What if Tenochtitlán, the island city at the heart of the Aztec empire, had never been sacked by European conquerors? In the alternate timeline of Aztech Forgotten Gods, we get to see what that might have looked like: a thriving, technologically advanced metropolis that blends Mesoamerican-inspired design with a Tron-like aesthetic. Described by Mexico-based developer Lienzo as a “cyber-stone action-adventure,” Aztech’s memorable setting can be delightful to explore — that is, when the wonky camera and frustrating boss fights aren’t getting in the way.

Aztech Forgotten Gods is a fairly linear, eight-hour adventure about Achtli, a young woman so haunted by her past that she can’t move forward in life. After uncovering an ancient artifact — a giant stone arm that replaces her prosthetic one — that allows her to soar high above the city streets, Achtli finds herself facing off against a number of newly awakened ancient gods that threaten to destroy Tenochtitlán and all of its inhabitants. The story works well enough but Achtli is underserved by the fact that the dialogue is text-only and often accompanied by repeating animations that show characters moving their lips and bodies in the same way over and over again. Even so, I became fond of the defiant Achtli, her ride-or-die best friend Tepo, and her supportive mother Nantsin thanks to their snappy writing and the enjoyable story.

Flying from one edge of the city to the other felt amazing once I got used to it. Launching Achtli into the air, soaring around in every direction, and using speed boosts from strategically placed floating rings feels natural and fluid (though it’s a little weird that there are so many of them when Achtli is the only person who can fly). You’ll spend most of your time in the air, though a depleting energy bar sometimes requires you to be thoughtful about when and where you land, particularly when trying to take down a rampaging stone giant. Few games have made flying feel so intuitive, and this system sets Aztech apart from other action-adventure games that take place largely on solid land.

Flight sets Aztech apart from other action-adventure games.

That said, despite being large and full of structures, the city often feels empty — hardly the bustling metropolis and global superpower it’s supposed to be. There aren’t many inhabitants, and the NPCs that do meander around don’t have much to say. There are a few off-the-beaten-path spots where you can engage in combat or race challenges or discover missing memories to find, at least.

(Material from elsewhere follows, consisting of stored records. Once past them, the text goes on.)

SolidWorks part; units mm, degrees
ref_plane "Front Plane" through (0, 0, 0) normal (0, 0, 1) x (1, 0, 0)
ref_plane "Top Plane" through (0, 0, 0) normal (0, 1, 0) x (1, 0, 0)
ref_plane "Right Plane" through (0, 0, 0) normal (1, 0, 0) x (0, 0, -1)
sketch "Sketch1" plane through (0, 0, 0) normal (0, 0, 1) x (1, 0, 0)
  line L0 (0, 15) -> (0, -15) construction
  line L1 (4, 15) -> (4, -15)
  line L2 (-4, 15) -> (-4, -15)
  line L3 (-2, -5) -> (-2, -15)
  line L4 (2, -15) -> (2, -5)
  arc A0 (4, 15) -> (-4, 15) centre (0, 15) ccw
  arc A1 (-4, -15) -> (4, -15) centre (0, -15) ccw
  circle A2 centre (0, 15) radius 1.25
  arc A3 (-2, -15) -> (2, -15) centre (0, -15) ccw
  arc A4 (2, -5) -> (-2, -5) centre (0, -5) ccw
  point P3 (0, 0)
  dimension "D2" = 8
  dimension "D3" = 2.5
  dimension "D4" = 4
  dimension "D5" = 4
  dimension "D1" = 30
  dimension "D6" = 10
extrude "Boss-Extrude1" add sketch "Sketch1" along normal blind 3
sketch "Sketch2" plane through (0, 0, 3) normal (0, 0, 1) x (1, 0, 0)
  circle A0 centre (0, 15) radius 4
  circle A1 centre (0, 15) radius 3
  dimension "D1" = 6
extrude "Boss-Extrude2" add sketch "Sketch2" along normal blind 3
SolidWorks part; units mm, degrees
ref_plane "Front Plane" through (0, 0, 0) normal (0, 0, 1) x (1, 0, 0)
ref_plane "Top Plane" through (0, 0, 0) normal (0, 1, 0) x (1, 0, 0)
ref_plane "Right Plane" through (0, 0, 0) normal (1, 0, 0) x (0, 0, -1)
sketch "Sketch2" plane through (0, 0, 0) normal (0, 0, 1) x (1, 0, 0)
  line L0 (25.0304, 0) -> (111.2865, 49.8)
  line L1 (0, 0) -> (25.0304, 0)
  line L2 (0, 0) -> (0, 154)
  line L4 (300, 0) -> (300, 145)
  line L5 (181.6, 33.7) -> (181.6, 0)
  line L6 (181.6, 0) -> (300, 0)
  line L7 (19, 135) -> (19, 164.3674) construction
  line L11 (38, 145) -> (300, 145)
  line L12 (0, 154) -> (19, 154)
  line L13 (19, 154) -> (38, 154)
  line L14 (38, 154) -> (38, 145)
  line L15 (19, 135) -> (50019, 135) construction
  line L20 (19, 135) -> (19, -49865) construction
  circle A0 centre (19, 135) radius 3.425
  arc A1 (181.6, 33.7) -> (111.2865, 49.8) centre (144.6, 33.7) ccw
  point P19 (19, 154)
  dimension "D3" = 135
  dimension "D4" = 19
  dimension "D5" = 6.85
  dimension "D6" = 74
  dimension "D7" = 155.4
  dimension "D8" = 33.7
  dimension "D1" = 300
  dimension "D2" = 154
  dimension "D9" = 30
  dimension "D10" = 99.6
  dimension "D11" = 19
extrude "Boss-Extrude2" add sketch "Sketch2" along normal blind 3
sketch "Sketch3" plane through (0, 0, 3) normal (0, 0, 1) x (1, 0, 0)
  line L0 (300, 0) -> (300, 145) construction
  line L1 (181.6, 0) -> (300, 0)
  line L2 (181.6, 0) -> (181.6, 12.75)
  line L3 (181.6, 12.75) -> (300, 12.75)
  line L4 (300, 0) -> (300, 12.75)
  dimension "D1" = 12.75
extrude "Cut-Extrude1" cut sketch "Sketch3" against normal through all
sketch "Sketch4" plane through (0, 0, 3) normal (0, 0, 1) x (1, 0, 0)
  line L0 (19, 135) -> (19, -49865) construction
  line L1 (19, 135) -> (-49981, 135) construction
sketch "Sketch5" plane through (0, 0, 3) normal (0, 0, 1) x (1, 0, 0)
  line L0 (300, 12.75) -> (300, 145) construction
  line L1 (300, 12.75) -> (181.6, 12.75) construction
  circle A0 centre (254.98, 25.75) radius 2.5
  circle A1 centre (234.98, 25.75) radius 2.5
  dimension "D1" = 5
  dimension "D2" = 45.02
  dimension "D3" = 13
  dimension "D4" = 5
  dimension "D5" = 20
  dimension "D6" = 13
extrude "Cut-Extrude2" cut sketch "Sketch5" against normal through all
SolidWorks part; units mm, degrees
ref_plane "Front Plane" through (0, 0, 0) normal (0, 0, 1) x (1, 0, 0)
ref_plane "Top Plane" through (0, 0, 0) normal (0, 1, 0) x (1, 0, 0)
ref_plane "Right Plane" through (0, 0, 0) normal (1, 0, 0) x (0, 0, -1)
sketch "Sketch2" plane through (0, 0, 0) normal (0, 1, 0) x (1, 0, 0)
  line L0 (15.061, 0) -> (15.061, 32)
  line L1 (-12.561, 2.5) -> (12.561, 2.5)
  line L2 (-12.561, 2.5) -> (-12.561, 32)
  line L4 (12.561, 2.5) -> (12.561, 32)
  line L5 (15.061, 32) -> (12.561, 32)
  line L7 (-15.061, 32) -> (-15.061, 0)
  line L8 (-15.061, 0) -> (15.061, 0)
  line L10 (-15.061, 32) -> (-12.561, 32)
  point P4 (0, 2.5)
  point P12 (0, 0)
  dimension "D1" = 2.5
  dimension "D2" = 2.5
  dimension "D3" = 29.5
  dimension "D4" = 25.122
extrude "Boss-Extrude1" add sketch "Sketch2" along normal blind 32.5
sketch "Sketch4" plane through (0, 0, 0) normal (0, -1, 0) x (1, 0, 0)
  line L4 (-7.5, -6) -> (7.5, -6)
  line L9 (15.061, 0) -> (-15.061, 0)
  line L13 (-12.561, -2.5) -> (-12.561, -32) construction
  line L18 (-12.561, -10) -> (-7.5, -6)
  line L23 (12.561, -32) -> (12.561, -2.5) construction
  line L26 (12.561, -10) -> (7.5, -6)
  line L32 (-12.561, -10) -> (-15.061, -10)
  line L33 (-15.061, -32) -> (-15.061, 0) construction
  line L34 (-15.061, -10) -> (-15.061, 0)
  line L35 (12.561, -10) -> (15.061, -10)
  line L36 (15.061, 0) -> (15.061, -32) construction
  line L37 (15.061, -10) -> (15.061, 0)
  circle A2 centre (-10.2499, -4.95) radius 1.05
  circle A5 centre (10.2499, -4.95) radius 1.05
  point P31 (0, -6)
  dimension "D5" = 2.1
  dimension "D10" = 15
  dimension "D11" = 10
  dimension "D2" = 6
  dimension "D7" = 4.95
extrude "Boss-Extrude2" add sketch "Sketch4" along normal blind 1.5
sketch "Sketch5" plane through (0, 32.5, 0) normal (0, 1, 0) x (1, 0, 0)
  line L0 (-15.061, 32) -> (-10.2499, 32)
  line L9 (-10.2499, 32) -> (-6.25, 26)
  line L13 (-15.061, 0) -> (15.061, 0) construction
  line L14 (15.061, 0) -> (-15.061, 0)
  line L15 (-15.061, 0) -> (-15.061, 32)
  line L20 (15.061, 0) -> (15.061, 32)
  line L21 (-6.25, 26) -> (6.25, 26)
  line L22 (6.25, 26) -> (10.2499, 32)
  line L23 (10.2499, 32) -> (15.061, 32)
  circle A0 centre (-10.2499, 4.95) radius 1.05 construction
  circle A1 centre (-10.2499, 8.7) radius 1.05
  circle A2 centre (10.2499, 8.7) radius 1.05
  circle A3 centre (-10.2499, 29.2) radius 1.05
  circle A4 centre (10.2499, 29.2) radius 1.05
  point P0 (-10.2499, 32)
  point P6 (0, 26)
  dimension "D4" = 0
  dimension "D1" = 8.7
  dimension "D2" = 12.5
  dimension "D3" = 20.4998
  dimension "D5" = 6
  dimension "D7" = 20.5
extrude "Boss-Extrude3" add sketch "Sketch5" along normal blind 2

Unfortunately, Aztech’s combat isn’t nearly as enjoyable as its exploration. For the most part, fighting both the smaller enemies that pop up throughout Tenochtitlán and the oversized stony gods is an exercise in button-mashing. Achtli does have a few special moves — a powered-up super-punch, shooting energy-based projectiles, a downward strike — but it’s rarely worth it to use this entire skillset because doing so requires precise placement and timing in boss battles that are largely chaotic. Instead, it was much more effective to spam basic attacks unless otherwise required and fly away to recover when Achtli’s health bar got too low.

Boss battles can feel like more of a chore than a challenge.

Speaking of those boss battles, that’s where you’ll do the bulk of the fighting, and they can feel like more of a chore than a challenge. These hulking masses of stone and mythology typically require several steps to defeat, but the objectives of each phase are often unclear and the bosses don’t react visibly to your attacks. There were times when I couldn’t tell if I was doing any damage outside of watching the health bar at the top of the screen, and all I felt after each giant battle was a sense of relief that it was over, not satisfaction.

Still, the most challenging foe you’ll face in Aztech isn’t one of the titular forgotten gods — it’s the camera. Though you’re technically in control of its movement, it sometimes feels like it has a mind of its own, especially when you’re getting knocked around. Rogue camera angles can remove Achtli from view entirely, which isn’t an ideal way to play a third-person action game. The camera might also switch angles depending on where she lands, messing up the fluidity of the otherwise-delightful mobility. This is a big reason why the boss fights can be frustrating; it’s not fun taking the time to set up an attack, only to have it thwarted when the camera switches around seemingly at random.

Aztech Forgotten Gods certainly isn’t a display of high-end graphical tech, but what it lacks in polish – such as the frequent clipping issues we see in Achtli’s hair and apparel – it makes up for in style. The Mesoamerican inspiration shines through in the customizable outfits and hairstyles, character design, and the sprawling city itself. The small but memorable cast of characters would definitely stand out in a crowd, and the dialogue sprinkles in bits of Nahuatl language that helps bring this futuristic version of Tenochtitlán to life. It feels like this vision of an alternate-history Aztec empire was crafted with care and consideration, which went a long way towards making me willing to overlook the more frustrating parts.